- Directed by: Edith Carlmar
- Written by: Kåre Bergstrøm Otto Carlmar Helge Krog
- Produced by: Otto Carlmar
- Starring: Arne Lie Randi Kolstad Henny Moan Ellen Isefiær Joachim Holst-Jensen
- Cinematography: Sverre Bergli
- Music by: Gunnar Sønstevold
- Distributed by: Carlmar Film Norsk Film AS
- Release date: 1956;
- Running time: 81 minutes
- Country: Norway
- Language: Norwegian

= På solsiden =

På solsiden (On the Sunny Side) is a Norwegian comedy-drama film from 1956 directed by Edith Carlmar. It stars Arne Lie, Randi Kolstad, Henny Moan, Ellen Isefiær, and Joachim Holst-Jensen.
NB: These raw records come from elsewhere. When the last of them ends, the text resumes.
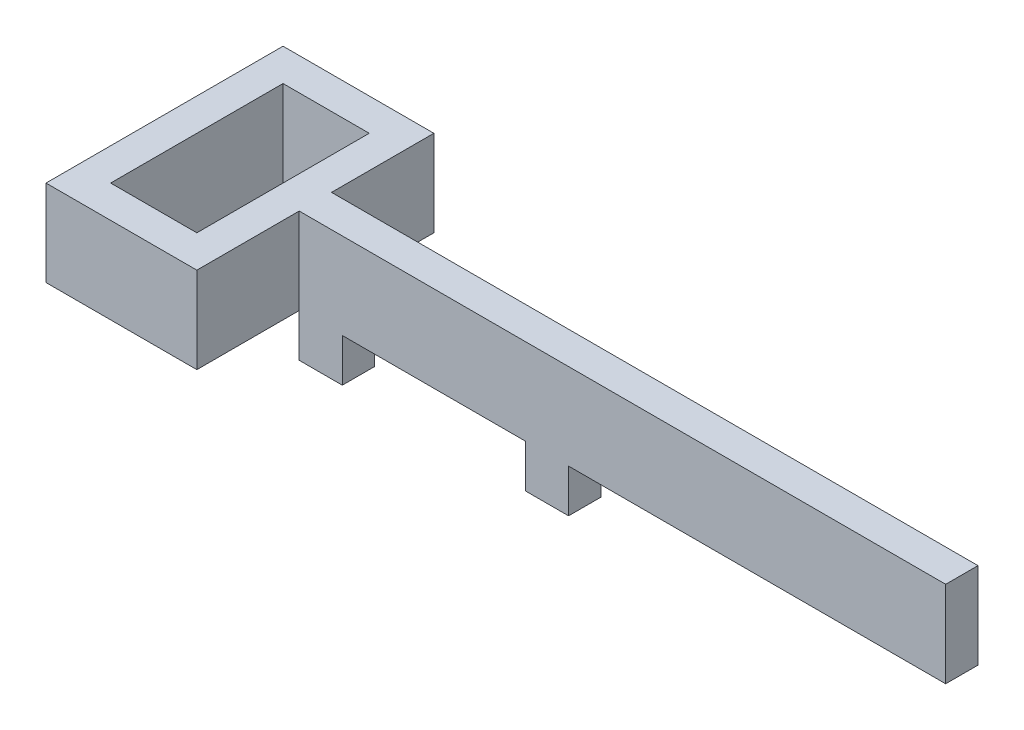
SolidWorks part; units mm, degrees
ref_plane "Front Plane" through (0, 0, 0) normal (0, 0, 1) x (1, 0, 0)
ref_plane "Top Plane" through (0, 0, 0) normal (0, 1, 0) x (1, 0, 0)
ref_plane "Right Plane" through (0, 0, 0) normal (1, 0, 0) x (0, 0, -1)
sketch "Sketch1" plane through (0, 0, 0) normal (0, 1, 0) x (1, 0, 0)
  line L1 (-3.5, -5.5) -> (3.5, -5.5)
  line L2 (-3.5, -5.5) -> (-3.5, 5.5)
  line L3 (-3.5, 5.5) -> (3.5, 5.5)
  line L4 (3.5, -5.5) -> (3.5, 5.5)
  line L5 (-3.5, -5.5) -> (3.5, 5.5) construction
  line L6 (-3.5, 5.5) -> (3.5, -5.5) construction
  line L7 (-2, -4) -> (2, -4)
  line L8 (-2, -4) -> (-2, 4)
  line L9 (-2, 4) -> (2, 4)
  line L10 (2, -4) -> (2, 4)
  line L11 (-2, -4) -> (2, 4) construction
  line L12 (-2, 4) -> (2, -4) construction
  line L17 (3.5, 0.75) -> (33.5, 0.75)
  line L18 (3.5, 0.75) -> (3.5, -0.75)
  line L19 (3.5, -0.75) -> (33.5, -0.75)
  line L20 (33.5, 0.75) -> (33.5, -0.75)
  point P0 (0, 0)
  point P7 (0, 0)
  point P15 (3.5, 0)
  point P16 (3.5, 0)
  dimension "D1" = 8
  dimension "D2" = 4
  dimension "D3" = 1.5
  dimension "D4" = 1.5
  dimension "D5" = 1.5
  dimension "D6" = 30
extrude "Boss-Extrude1" add sketch "Sketch1" along normal blind 4 contours L20 L17 L4 L19 | L1 L4 L3 L2 L10 L7 L8 L9
sketch "Sketch2" plane through (0, 0, 0) normal (0, -1, 0) x (1, 0, 0)
  line L0 (3.5, 0.75) -> (33.5, 0.75) construction
  line L1 (14, 0.75) -> (16, 0.75)
  line L2 (14, 0.75) -> (14, -0.75)
  line L3 (14, -0.75) -> (16, -0.75)
  line L4 (16, 0.75) -> (16, -0.75)
  line L5 (3.5, -0.75) -> (33.5, -0.75) construction
  line L6 (-2, 4) -> (-2, -4) construction
  dimension "D1" = 2
  dimension "D2" = 18
extrude "Boss-Extrude2" add sketch "Sketch2" along normal blind 2
sketch "Sketch3" plane through (0, 0, 0) normal (0, -1, 0) x (-1, 0, 0)
  line L0 (-3.5, 0.75) -> (-14, 0.75) construction
  line L1 (-3.5, -0.75) -> (-5.5, -0.75)
  line L2 (-3.5, -0.75) -> (-3.5, 0.75)
  line L3 (-3.5, 0.75) -> (-5.5, 0.75)
  line L4 (-5.5, -0.75) -> (-5.5, 0.75)
  dimension "D1" = 2
extrude "Boss-Extrude3" add sketch "Sketch3" along normal blind 2
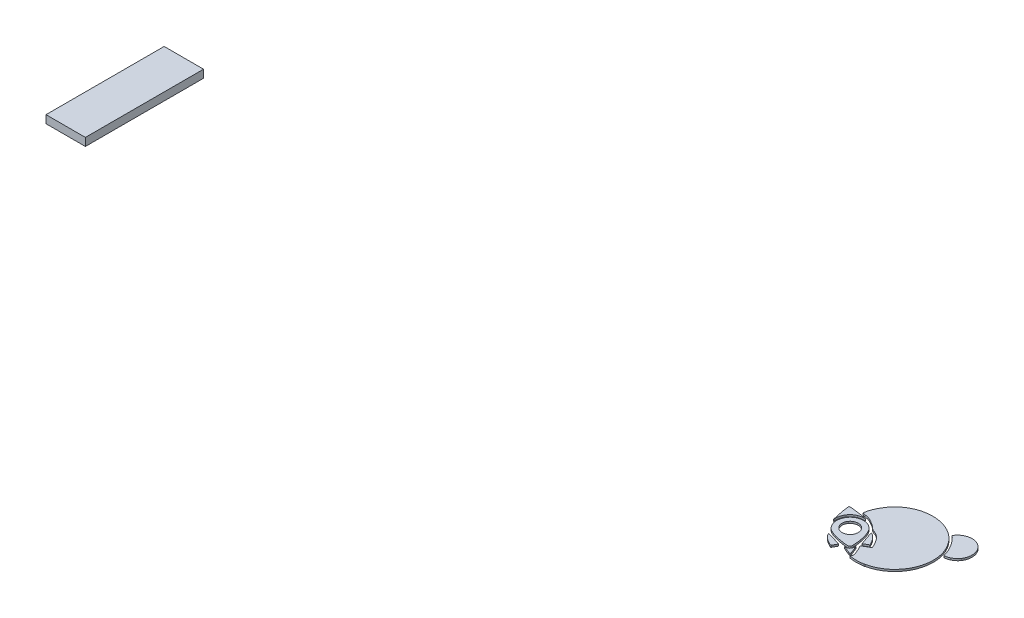
SolidWorks part; units mm, degrees
ref_plane "Alzado" through (0, 0, 0) normal (0, 0, 1) x (1, 0, 0)
ref_plane "Planta" through (0, 0, 0) normal (0, 1, 0) x (1, 0, 0)
ref_plane "Vista lateral" through (0, 0, 0) normal (1, 0, 0) x (0, 0, -1)
sketch "Croquis2" plane through (0, 0, 0) normal (0, 1, 0) x (1, 0, 0)
  line L1 (-10.1434, 10.8277) -> (39.8566, 10.8277)
  line L2 (-10.1434, 10.8277) -> (-10.1434, -4.1723)
  line L3 (-10.1434, -4.1723) -> (39.8566, -4.1723)
  line L4 (39.8566, 10.8277) -> (39.8566, -4.1723)
  line L5 (-10.1434, 10.8277) -> (39.8566, -4.1723) construction
  line L6 (-10.1434, -4.1723) -> (39.8566, 10.8277) construction
  point P0 (14.8566, 3.3277)
  dimension "D1" = 50
  dimension "D2" = 15
sketch "Croquis1" plane through (0, 0, 0) normal (0, 1, 0) x (1, 0, 0)
  line L0 (3.5784, 3.9291) -> (1.8314, 3.9291)
  line L1 (3.9335, 5.4773) -> (5.155, 5.4773)
  line L2 (5.155, 5.4773) -> (5.155, 2.4804)
  line L3 (5.155, 2.4804) -> (5.1692, 2.4804)
  line L4 (3.0387, 4.4262) -> (4.0755, 4.4262)
  line L5 (4.0755, 4.4262) -> (4.0755, -0.829)
  line L6 (4.0755, -0.829) -> (4.0755, -2.0789)
  line L7 (4.2602, -2.5051) -> (4.6579, -2.5051)
  line L8 (4.6579, -2.5051) -> (4.6579, 4.9802)
  line L9 (4.6579, 4.9802) -> (3.9193, 4.9802)
  line L10 (3.9193, 4.9802) -> (3.5926, 4.9716)
  line L11 (3.5926, 4.9716) -> (3.408, 4.8097)
  line L12 (3.408, 4.8097) -> (3.0387, 4.4262)
  line L13 (18.6341, 4.8097) -> (18.6341, 0.7333)
  line L14 (20.0828, -2.3346) -> (20.0828, -1.9369)
  line L15 (19.2164, -0.7154) -> (19.2164, 2.8781)
  line L16 (19.2164, 2.8781) -> (20.0828, 2.8781)
  line L17 (20.0828, 2.8781) -> (20.0828, 3.2758)
  line L18 (20.0828, 3.2758) -> (20.0682, 3.4234)
  line L19 (20.0682, 3.4234) -> (19.8556, 3.4462)
  line L20 (19.8556, 3.4462) -> (19.2164, 3.4462)
  line L21 (19.2164, 3.4462) -> (19.2164, 4.8097)
  line L22 (19.2164, 4.8097) -> (18.6341, 4.8097)
  line L23 (23.8893, 4.8097) -> (23.8893, 0.8044)
  line L24 (25.3239, -2.505) -> (25.3239, -1.9369)
  line L25 (24.4717, -0.7296) -> (24.4717, 2.8781)
  line L26 (24.4717, 2.8781) -> (25.3239, 2.8781)
  line L27 (25.3239, 2.8781) -> (25.3239, 3.4462)
  line L28 (25.3239, 3.4462) -> (24.4717, 3.4462)
  line L29 (24.4717, 3.4462) -> (24.4717, 4.8097)
  line L30 (24.4717, 4.8097) -> (23.8893, 4.8097)
  line L31 (-5.0999, 1.3015) -> (-5.0857, 1.3015)
  line L32 (5.5953, -2.505) -> (6.1634, -2.505)
  line L33 (7.74, -2.505) -> (8.3082, -2.505)
  line L34 (8.3082, -2.505) -> (8.3082, 1.5856)
  line L35 (5.5953, 0.6765) -> (5.5953, -2.505)
  line L36 (12.8249, 0.0267) -> (13.9469, 0.5878)
  line L37 (11.7312, 1.4009) -> (11.7312, -0.3177)
  line L38 (14.2736, -0.7296) -> (13.8759, -0.7296)
  line L39 (17.2989, -2.505) -> (17.725, -2.505)
  line L40 (17.8813, -2.0789) -> (17.8813, -1.0989)
  line L41 (15.1542, 1.2731) -> (15.1542, -0.7864)
  line L42 (15.1542, -0.7864) -> (15.1542, -2.0647)
  line L43 (15.7365, -2.2494) -> (15.7365, -1.525)
  line L44 (15.7365, -1.525) -> (15.7365, 1.1026)
  line L45 (17.2989, 1.1737) -> (17.2989, -0.3035)
  line L46 (17.2989, -0.3035) -> (17.2989, -2.505)
  line L47 (20.4521, 1.2447) -> (20.4521, -0.3319)
  line L48 (28.4202, -0.7296) -> (27.8521, -0.7296)
  line L49 (26.7868, 0.0197) -> (27.8379, 0.5452)
  line L50 (28.4202, 0.989) -> (28.4202, 1.4577)
  line L51 (25.7074, 1.3015) -> (25.7074, -0.6444)
  line L52 (31.687, -0.7864) -> (31.1189, -0.7864)
  line L53 (29.6559, -0.687) -> (29.6559, 1.3583)
  line L54 (31.1189, 1.7276) -> (31.687, 1.7276)
  line L55 (29.0878, 1.6992) -> (29.0878, -0.5876)
  line L56 (34.4851, -2.2352) -> (34.4851, -2.505)
  line L57 (34.4851, -2.505) -> (35.0248, -2.505)
  line L58 (35.0248, -2.505) -> (35.0248, 0.0658)
  line L59 (35.0248, 0.0658) -> (35.0248, 1.8696)
  line L60 (32.312, 1.5288) -> (32.312, -0.4029)
  line L61 (8.6632, 3.4462) -> (8.7709, 2.8213)
  line L62 (8.7709, 2.8213) -> (9.0496, 1.3583)
  line L63 (9.0496, 1.3583) -> (9.7853, -2.505)
  line L64 (10.5409, -1.1415) -> (11.1318, 1.9122)
  line L65 (11.4187, 3.4462) -> (10.8506, 3.4462)
  line L66 (10.041, -0.9853) -> (10.0268, -0.9853)
  line L67 (10.0268, -0.9853) -> (9.2456, 3.4462)
  line L68 (9.2456, 3.4462) -> (8.6632, 3.4462)
  line L69 (-0.2279, 2.4094) -> (-0.0054, 1.685)
  line L70 (-0.0054, 1.685) -> (0.5106, 0.1936)
  line L71 (0.5106, 0.1936) -> (1.306, 0.6481)
  line L72 (-0.4694, -1.5818) -> (-0.4694, -1.596)
  line L73 (-1.7335, -2.5051) -> (-1.3074, -1.6955)
  spline S0 degree 3 poles (8.6064, 5.0654) (8.9077, 5.0656) (9.231, 5.1421) (9.5012, 5.275) knots 0 0 0 0 1 1 1 1
  spline S1 degree 3 poles (9.5012, 5.275) (9.8765, 5.4595) (10.2057, 5.7212) (10.4375, 6.0738) knots 0 0 0 0 1 1 1 1
  spline S2 degree 3 poles (10.4375, 6.0738) (11.1456, 7.1512) (10.8182, 8.6685) (9.6859, 9.3162) knots 0 0 0 0 1 1 1 1
  spline S3 degree 3 poles (9.6859, 9.3162) (9.4504, 9.4509) (9.1882, 9.5508) (8.9189, 9.5924) knots 0 0 0 0 1 1 1 1
  spline S4 degree 3 poles (8.9189, 9.5924) (8.2132, 9.7014) (7.5188, 9.4932) (6.9872, 9.0163) knots 0 0 0 0 1 1 1 1
  spline S5 degree 3 poles (6.9872, 9.0163) (6.8569, 8.8994) (6.7378, 8.7633) (6.642, 8.6163) knots 0 0 0 0 1 1 1 1
  spline S6 degree 3 poles (6.642, 8.6163) (6.6153, 8.5752) (6.5511, 8.5009) (6.5671, 8.4482) knots 0 0 0 0 1 1 1 1
  spline S7 degree 3 poles (6.5671, 8.4482) (6.5982, 8.3461) (6.7844, 8.2366) (6.8594, 8.1618) knots 0 0 0 0 1 1 1 1
  spline S8 degree 3 poles (6.8594, 8.1618) (7.0821, 7.9394) (7.2857, 7.7003) (7.4783, 7.4516) knots 0 0 0 0 1 1 1 1
  spline S9 degree 3 poles (7.4783, 7.4516) (8.0092, 6.7663) (8.4305, 5.9176) (8.6064, 5.0654) knots 0 0 0 0 1 1 1 1
  spline S10 degree 3 poles (1.249, -2.4482) (1.8259, -2.5553) (2.4283, -2.5697) (3.0103, -2.5074) knots 0 0 0 0 1 1 1 1
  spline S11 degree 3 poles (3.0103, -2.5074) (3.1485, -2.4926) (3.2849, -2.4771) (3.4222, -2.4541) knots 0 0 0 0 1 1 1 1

The film is based on Helge Krog's 1927 play of the same name.

==Plot==
On a warm summer day, the writer Joachim Bris comes to the Riibe estate. He has been invited by Hartvig, the son running the farm. However, not everyone is happy with the visit, which has unexpected consequences for several people in the family. All of them have a part to play when Esther must eventually have a big showdown with those that have always lived "on the sunny side."

==Reception and reissue==
When the film premiered in 1956, the newspaper Aftenavisen Stavangeren characterized it as "a truly amiable, sunny, and charming comedy." The film was released on DVD in 2005 by Nordisk Film.

==Other==
The 1936 Swedish film På Solsidan was also an adaptation of Krog's play. It had a script written by Oscar Hemberg and was directed by Gustaf Molander. The film starred Lars Hanson, Ingrid Bergman, Karin Swanström, and Edvin Adolphson.

==Cast==
- Arne Lie: landowner Hartvig Riibe
- Ellen Isefiær: Margrethe, Hartvig's mother
- Randi Kolstad: Ester Riibe, Hartvig's wife
- Henny Moan: Wenche, Hartvig's sister
- Joachim Holst-Jensen: Uncle Severin
- Frank Robert: Joakim Bris
- Jan Voigt: Preben Klingberg
- Lalla Carlsen: woman in a boat

Minor roles are also played by Otto Carlmar, Haakon Arnold, Ragnar Olason, Odd Johansen, and Odd Rohde.